I have fun and surprise to discover history winks today. There are many practically daily. For example, when Donald Trump announced the new tariffs against China last week, he cited as one of the reasons to introduce them that Xi Jinping has not prevented the export of fentanyl to the US. "My friend President Xi said he would stop the sale of fentanyl to the United States, this never happened and many Americans continue to die!" Trump tweeted.

Fentanyl is a drug from the opioid family, it is said to be 50 times more deadly than heroin and would be related to more than 28,000 overdose deaths in 2017, according to the US government. The striking thing is that Trump's argument evokes the famous Opium Wars of the nineteenth century , but vice versa. Then, the United Kingdom and France forcibly imposed free trade in opium to China, whose emperor considered that its uncontrolled sale had harmful effects on the population.

When I see environmental activist Greta Thurnberg I can't stop thinking about the Crusade for Children of the 13th century. The fourth crusade had failed in its objectives and had become an expedition of hooligans for what is now Zadar (Croatia) and Istanbul. No one wanted a fifth crusade, let alone the king of France , but behold, a little pastor appears to Jesus Christ to commission him to release Jerusalem. The anthropologist Emilio Lara, who has just published Times of Hope, the novel narration of this adventure, has rightly stated that "the Crusade for Children was the action of a populist influencer from the Middle Ages."

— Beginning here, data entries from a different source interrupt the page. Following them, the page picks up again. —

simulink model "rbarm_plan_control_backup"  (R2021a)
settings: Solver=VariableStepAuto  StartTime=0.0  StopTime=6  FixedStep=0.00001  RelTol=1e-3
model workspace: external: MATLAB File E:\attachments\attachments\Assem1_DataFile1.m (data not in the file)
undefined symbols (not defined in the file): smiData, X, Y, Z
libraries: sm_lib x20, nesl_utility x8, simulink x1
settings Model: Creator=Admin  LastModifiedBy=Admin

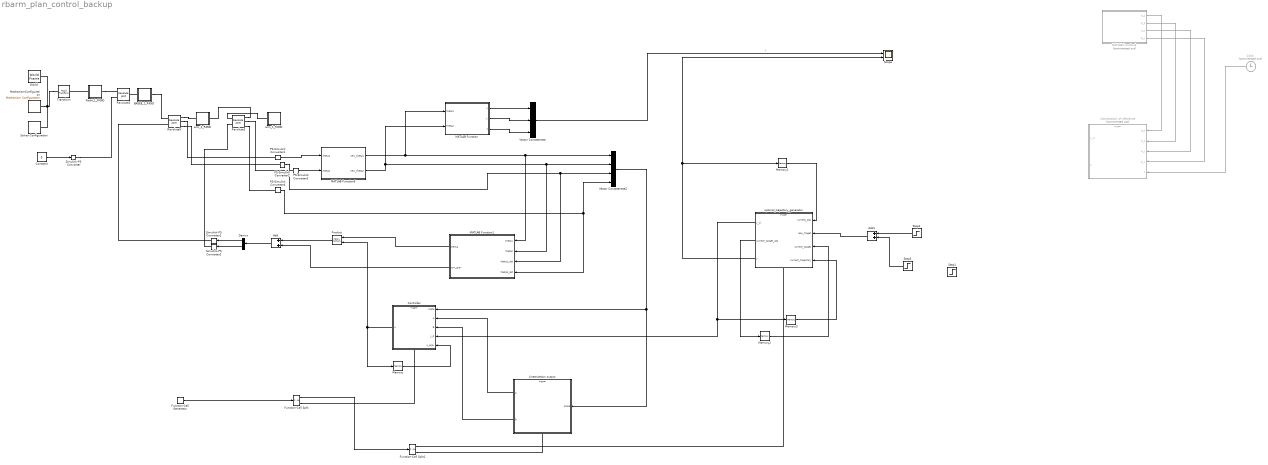
== system rbarm_plan_control_backup ==
  Add : Sum
  Add1 : Sum
  BASEE_1_RIGID : Subsystem
  Clock : Clock  Commented=on
  Constant : Constant  Value=0
  Controller : Subsystem  TreatAsAtomicUnit=on
  Demux : Demux  Outputs=2
  Function-Call Generator : simulink/Ports & Subsystems/Function-Call Generator  sample_time=0.01  numberOfIterations=1  DisallowWideOutput=off
  Function-Call Split : FunctionCallSplit  IconShape=distinctive  NumOutputPorts=2  OutputPortLayout=default
  Function-Call Split1 : FunctionCallSplit  IconShape=distinctive  NumOutputPorts=2  OutputPortLayout=default
  Linearization output : Subsystem  TreatAsAtomicUnit=on
  MATLAB Function : MATLAB Function  TreatAsAtomicUnit=on
  MATLAB Function1 : MATLAB Function  TreatAsAtomicUnit=on
  MATLAB Function3 : MATLAB Function  Commented=on  TreatAsAtomicUnit=on
  MATLAB Function6 : MATLAB Function  TreatAsAtomicUnit=on
  MechanismConfiguration : sm_lib/Utilities/Mechanism Configuration  UniformGravity=Constant  GravityVector=[0 0 9.80665]  GravityVectorUnits=m/s^2  GravityUnits=m/s^2  LinearizationDelta=0.001  JointModeTransitionNonlinearIterations=2
  Memory : Memory  InitialCondition=[0;0]
  Memory1 : Memory  InitialCondition=[0;0;0.24]
  Memory2 : Memory  InitialCondition=[0;0;0.24]
  Memory3 : Memory  InitialCondition=zeros(600,1)
  PS-Simulink Converter{1..4} (4 alike) : nesl_utility/PS-Simulink Converter  PhysicalDomain=network_engine_domain  SubClassName=ps_output  LeftPortType=input  RightPortType=output  PseudoPeriodic=off  Frequencies=[]  Unit=inherit  AffineConversion=off
      settings: SourceProductBaseCode=PW,SS
  Part4_1_RIGID : Subsystem
  Product : Product  Multiplication=Matrix(*)
  Revolute2 : sm_lib/Joints/Revolute Joint  JointMode=Normal  SenseConstraintForce=off  SenseConstraintForceX=off  SenseConstraintForceY=off  SenseConstraintForceZ=off  SenseConstraintTorque=off  SenseConstraintTorqueX=off  SenseConstraintTorqueY=off  SenseConstraintTorqueZ=off  SenseTotalForce=off  SenseTotalForceX=off  SenseTotalForceY=off  SenseTotalForceZ=off  SenseTotalTorque=off  SenseTotalTorqueX=off  SenseTotalTorqueY=off  SenseTotalTorqueZ=off  CompositeWrenchDir=FollowerOnBase  CompositeWrenchFrame=BaseFrame  EquilibriumPosition=0  EquilibriumPositionUnits=deg  SpringStiffness=0  SpringStiffnessUnits=N*m/deg  DampingCoefficient=100  DampingCoefficientUnits=N*m/(deg/s)  TorqueActuationMode=ComputedTorque  MotionActuationMode=InputMotion  SensePosition=off  SenseVelocity=off  SenseAcceleration=off  SenseTorqueForce=off  SenseLowerLimitTorqueForce=off  SenseUpperLimitTorqueForce=off  LowerLimitSpecify=off  LowerLimitBound=-90  LowerLimitBoundUnits=deg  LowerLimitStiffness=1e4  LowerLimitStiffnessUnits=N*m/deg  LowerLimitDamping=10  LowerLimitDampingUnits=N*m/(deg/s)  LowerLimitTransitionRegionWidth=0.1  LowerLimitTransitionRegionWidthUnits=deg  UpperLimitSpecify=off  UpperLimitBound=90  UpperLimitBoundUnits=deg  UpperLimitStiffness=1e4  UpperLimitStiffnessUnits=N*m/deg  UpperLimitDamping=10  UpperLimitDampingUnits=N*m/(deg/s)  UpperLimitTransitionRegionWidth=0.1  UpperLimitTransitionRegionWidthUnits=deg  PositionTargetSpecify=off  PositionTargetPriority=Low  PositionTargetValue=smiData.RevoluteJoint(3).Rz.Pos  PositionTargetValueUnits=deg  VelocityTargetSpecify=off  VelocityTargetPriority=High  VelocityTargetValue=0  VelocityTargetValueUnits=deg/s
  Revolute3 : sm_lib/Joints/Revolute Joint  JointMode=Normal  SenseConstraintForce=off  SenseConstraintForceX=off  SenseConstraintForceY=off  SenseConstraintForceZ=off  SenseConstraintTorque=off  SenseConstraintTorqueX=off  SenseConstraintTorqueY=off  SenseConstraintTorqueZ=off  SenseTotalForce=off  SenseTotalForceX=off  SenseTotalForceY=off  SenseTotalForceZ=off  SenseTotalTorque=off  SenseTotalTorqueX=off  SenseTotalTorqueY=off  SenseTotalTorqueZ=off  CompositeWrenchDir=FollowerOnBase  CompositeWrenchFrame=BaseFrame  EquilibriumPosition=0  EquilibriumPositionUnits=deg  SpringStiffness=0  SpringStiffnessUnits=N*m/deg  DampingCoefficient=0  DampingCoefficientUnits=N*m/(deg/s)  TorqueActuationMode=InputTorque  MotionActuationMode=ComputedMotion  SensePosition=on  SenseVelocity=on  SenseAcceleration=off  SenseTorqueForce=off  SenseLowerLimitTorqueForce=off  SenseUpperLimitTorqueForce=off  LowerLimitSpecify=off  LowerLimitBound=-90  LowerLimitBoundUnits=deg  LowerLimitStiffness=1e4  LowerLimitStiffnessUnits=N*m/deg  LowerLimitDamping=10  LowerLimitDampingUnits=N*m/(deg/s)  LowerLimitTransitionRegionWidth=0.1  LowerLimitTransitionRegionWidthUnits=deg  UpperLimitSpecify=off  UpperLimitBound=90  UpperLimitBoundUnits=deg  UpperLimitStiffness=1e4  UpperLimitStiffnessUnits=N*m/deg  UpperLimitDamping=10  UpperLimitDampingUnits=N*m/(deg/s)  UpperLimitTransitionRegionWidth=0.1  UpperLimitTransitionRegionWidthUnits=deg  PositionTargetSpecify=off  PositionTargetPriority=Low  PositionTargetValue=smiData.RevoluteJoint(4).Rz.Pos  PositionTargetValueUnits=deg  VelocityTargetSpecify=off  VelocityTargetPriority=High  VelocityTargetValue=0  VelocityTargetValueUnits=deg/s
  Revolute5 : sm_lib/Joints/Revolute Joint  JointMode=Normal  SenseConstraintForce=off  SenseConstraintForceX=off  SenseConstraintForceY=off  SenseConstraintForceZ=off  SenseConstraintTorque=off  SenseConstraintTorqueX=off  SenseConstraintTorqueY=off  SenseConstraintTorqueZ=off  SenseTotalForce=off  SenseTotalForceX=off  SenseTotalForceY=off  SenseTotalForceZ=off  SenseTotalTorque=off  SenseTotalTorqueX=off  SenseTotalTorqueY=off  SenseTotalTorqueZ=off  CompositeWrenchDir=FollowerOnBase  CompositeWrenchFrame=BaseFrame  EquilibriumPosition=0  EquilibriumPositionUnits=deg  SpringStiffness=0  SpringStiffnessUnits=N*m/deg  DampingCoefficient=0  DampingCoefficientUnits=N*m/(deg/s)  TorqueActuationMode=InputTorque  MotionActuationMode=ComputedMotion  SensePosition=on  SenseVelocity=on  SenseAcceleration=off  SenseTorqueForce=off  SenseLowerLimitTorqueForce=off  SenseUpperLimitTorqueForce=off  LowerLimitSpecify=off  LowerLimitBound=-90  LowerLimitBoundUnits=deg  LowerLimitStiffness=1e4  LowerLimitStiffnessUnits=N*m/deg  LowerLimitDamping=10  LowerLimitDampingUnits=N*m/(deg/s)  LowerLimitTransitionRegionWidth=0.1  LowerLimitTransitionRegionWidthUnits=deg  UpperLimitSpecify=off  UpperLimitBound=90  UpperLimitBoundUnits=deg  UpperLimitStiffness=1e4  UpperLimitStiffnessUnits=N*m/deg  UpperLimitDamping=10  UpperLimitDampingUnits=N*m/(deg/s)  UpperLimitTransitionRegionWidth=0.1  UpperLimitTransitionRegionWidthUnits=deg  PositionTargetSpecify=off  PositionTargetPriority=Low  PositionTargetValue=smiData.RevoluteJoint(6).Rz.Pos  PositionTargetValueUnits=deg  VelocityTargetSpecify=off  VelocityTargetPriority=High  VelocityTargetValue=0  VelocityTargetValueUnits=deg/s
  Scope : Scope  NumInputPorts=2
  Simulink-PS Converter : nesl_utility/Simulink-PS Converter  PhysicalDomain=network_engine_domain  SubClassName=ps_input  LeftPortType=input  RightPortType=output  PseudoPeriodic=off  Frequencies=[]  NoiseDistribution=none  NoiseParameters=[]  Unit=1  AffineConversion=off  FilteringAndDerivatives=provide  SimscapeFilterOrder=1  InputFilterTimeConstant=0.001  UdotUserProvided=0
      settings: SourceProductBaseCode=PW,SS
  Simulink-PS Converter1 : nesl_utility/Simulink-PS Converter  PhysicalDomain=network_engine_domain  SubClassName=ps_input  LeftPortType=input  RightPortType=output  PseudoPeriodic=off  Frequencies=[]  NoiseDistribution=none  NoiseParameters=[]  Unit=1  AffineConversion=off  FilteringAndDerivatives=provide  SimscapeFilterOrder=1  InputFilterTimeConstant=0.001  UdotUserProvided=0
      settings: SourceProductBaseCode=PW,SS
  Simulink-PS Converter2 : nesl_utility/Simulink-PS Converter  PhysicalDomain=network_engine_domain  SubClassName=ps_input  LeftPortType=input  RightPortType=output  PseudoPeriodic=off  Frequencies=[]  NoiseDistribution=none  NoiseParameters=[]  Unit=1  AffineConversion=off  FilteringAndDerivatives=provide  SimscapeFilterOrder=1  InputFilterTimeConstant=0.001  UdotUserProvided=0
      settings: SourceProductBaseCode=PW,SS
  Solver Configuration : nesl_utility/Solver Configuration  PhysicalDomain=network_engine_domain  SubClassName=solver  LeftPortType=input  RightPortType=generic  Tones=[]  Harmonics=[]  SimulateNoise=off  Profile=off  UseLocalSampling=off  EnableSwitchedLinearOptims=on  FrequencyDomain=off  UseCCode=off  RelTol=0.001  AbsTol=1e-06  MinStep=1e-09  ToWorkspace=off  RevertToSquareIcSolve=off  NumHomotopyIterations=100  PhasorMode=off  PhasorModeNumHarmonics=1  DoDC=off  ResidualTolerance=1e-09  UseLocalSolver=off  LocalSolverChoice=NE_BACKWARD_EULER_ADVANCER  LocalSolverSampleTime=0.001  DoFixedCost=off  MaxNonlinIter=3  MaxModeIter=2  ComputeImpulses=off  ImpulseIterations=2  LinearAlgebra=auto  EquationFormulation=NE_TIME_EF  DelaysMemoryBudget=1024  AutomaticFiltering=on  FilteringTimeConstant=0.001  PartitionStorageMethod=AS_NEEDED  PartitionMemoryBudget=1024  PartitionMethod=ROBUST
      settings: SourceProductBaseCode=PW,SS
  Step1 : Step  Time=3  Before=[0;0;0]  After=[0;0.0439;-0.0557]  SampleTime=0
  Step2 : Step  Time=0.5  Before=[0;0;0.24]  After=[0;-0.1639;0.1]  SampleTime=0
  Step3 : Step  Time=3  Before=[0;0;0]  After=[0;0.0439;-0.2]  SampleTime=0
  Transform : sm_lib/Frames and Transforms/Rigid Transform  TranslationMethod=Cartesian  TranslationStandardOffset=0  TranslationLengthUnit=mm  TranslationStandardAxis=+Z  TranslationCartesianOffset=smiData.RigidTransform(19).translation  TranslationROffset=0  TranslationROffsetUnits=m  TranslationZOffset=0  TranslationZOffsetUnits=m  TranslationThetaOffset=0  TranslationThetaOffsetUnits=deg  RotationMethod=StandardAxis  RotationAngleUnits=rad  RotationStandardAxis=+Z  RotationAngle=smiData.RigidTransform(19).angle  RotationArbitraryAxis=smiData.RigidTransform(19).axis  FollAlignAxisA=+X  BaseAlignAxisA=+Y  FollAlignAxisB=+Y  BaseAlignAxisB=+Z  RotationSequenceAxes=FollowerAxes  RotationSequence=XYX  RotationSequenceAngles=[0 0 0]  RotationSequenceAnglesUnits=deg  RotationMatrix=[1 0 0; 0 1 0; 0 0 1]
  Vector Concatenate : Concatenate  NumInputs=3
  Vector Concatenate2 : Concatenate  NumInputs=4
  World : sm_lib/Frames and Transforms/World Frame
  arm_1_RIGID : Subsystem
  arm_2_RIGID : Subsystem
  discretization of reference : Subsystem  Commented=on  TreatAsAtomicUnit=on
  optimal_trajectory_generator : Subsystem  TreatAsAtomicUnit=on
  wires:
  Constant/1 -> Simulink-PS Converter/1
  MATLAB Function1/2(cori_grav) -> Add/2
  Add/1 -> Demux/1
  Demux/1 -> Simulink-PS Converter1/1
  Demux/2 -> Simulink-PS Converter2/1
  MATLAB Function/2(y) -> Vector Concatenate/2
  MATLAB Function/1(x) -> Vector Concatenate/1
  MATLAB Function/3(z) -> Vector Concatenate/3
  MATLAB Function1/1(inertia) -> Product/1
  MATLAB Function3/1(a_z) -> discretization of reference/1(a_z)
  MATLAB Function3/2(b_z) -> discretization of reference/2(b_z)
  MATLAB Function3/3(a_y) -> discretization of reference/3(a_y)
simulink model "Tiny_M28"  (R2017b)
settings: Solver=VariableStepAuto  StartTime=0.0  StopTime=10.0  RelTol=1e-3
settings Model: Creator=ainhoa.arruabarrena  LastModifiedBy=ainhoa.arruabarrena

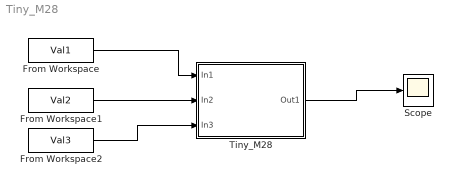
== system Tiny_M28 ==
  From Workspace : FromWorkspace  VariableName=Val1  SampleTime=0
  From Workspace1 : FromWorkspace  VariableName=Val2  SampleTime=0
  From Workspace2 : FromWorkspace  VariableName=Val3  SampleTime=0
  Scope : Scope
  Tiny_M28 : Subsystem
  wires:
  From Workspace2/1 -> Tiny_M28/3(In3)
  From Workspace1/1 -> Tiny_M28/2(In2)
  Tiny_M28/1(Out1) -> Scope/1
  From Workspace/1 -> Tiny_M28/1(In1)

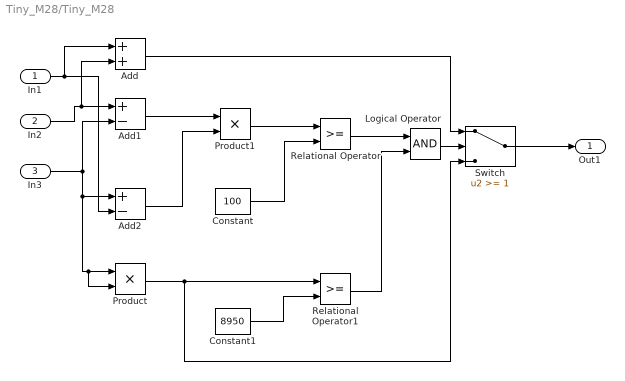
== system Tiny_M28/Tiny_M28 ==
  In1 : Inport
  In2 : Inport  Port=2
  In3 : Inport  Port=3
  Add : Sum
  Add1 : Sum  Inputs=+-
  Add2 : Sum  Inputs=+-
  Constant : Constant  Value=100
  Constant1 : Constant  Value=8950
  Logical Operator : Logic  AllPortsSameDT=off  OutDataTypeStr=boolean
  Product : Product
  Product1 : Product
  Relational Operator : RelationalOperator  OutDataTypeStr=boolean  RndMeth=Nearest
  Relational Operator1 : RelationalOperator  OutDataTypeStr=boolean  RndMeth=Nearest
  Switch : Switch  Threshold=1
  Out1 : Outport
  wires:
  Switch/1 -> Out1/1
  Add/1 -> Switch/1
  Logical Operator/1 -> Switch/2
  Relational Operator1/1 -> Logical Operator/2
  Relational Operator/1 -> Logical Operator/1
  Constant1/1 -> Relational Operator1/2
  Constant/1 -> Relational Operator/2
  Product/1 -> Relational Operator1/1, Switch/3
  Product1/1 -> Relational Operator/1
  Add2/1 -> Product1/2
  Add1/1 -> Product1/1
  In2/1 -> Add1/1, Add/2
  In1/1 -> Add2/2, Add/1
  In3/1 -> Add1/2, Product/1, Product/2, Add2/1

The shepherd recruited thousands of children who ended up being sold as slaves after boarding the ships of pirates who promised to cross the Mediterranean from Nice to Jerusalem. Greta will also catch a ship soon.

We could consider that history is circular, that man stumbles twice with the same stone, that in reality history is a spiral that unfolds in time, as the British Arnold Toynbee thought. And even go to the interesting reflections that Jorge Luis Borges made about the different sources of the eternal return to conclude with Marco Aurelio that "nobody loses the past or the future, because nobody can take away what they don't have." But we can also conclude something more banal: that the scriptwriters of political current affairs have very little imagination and are always using what is already written to cover their campaigns.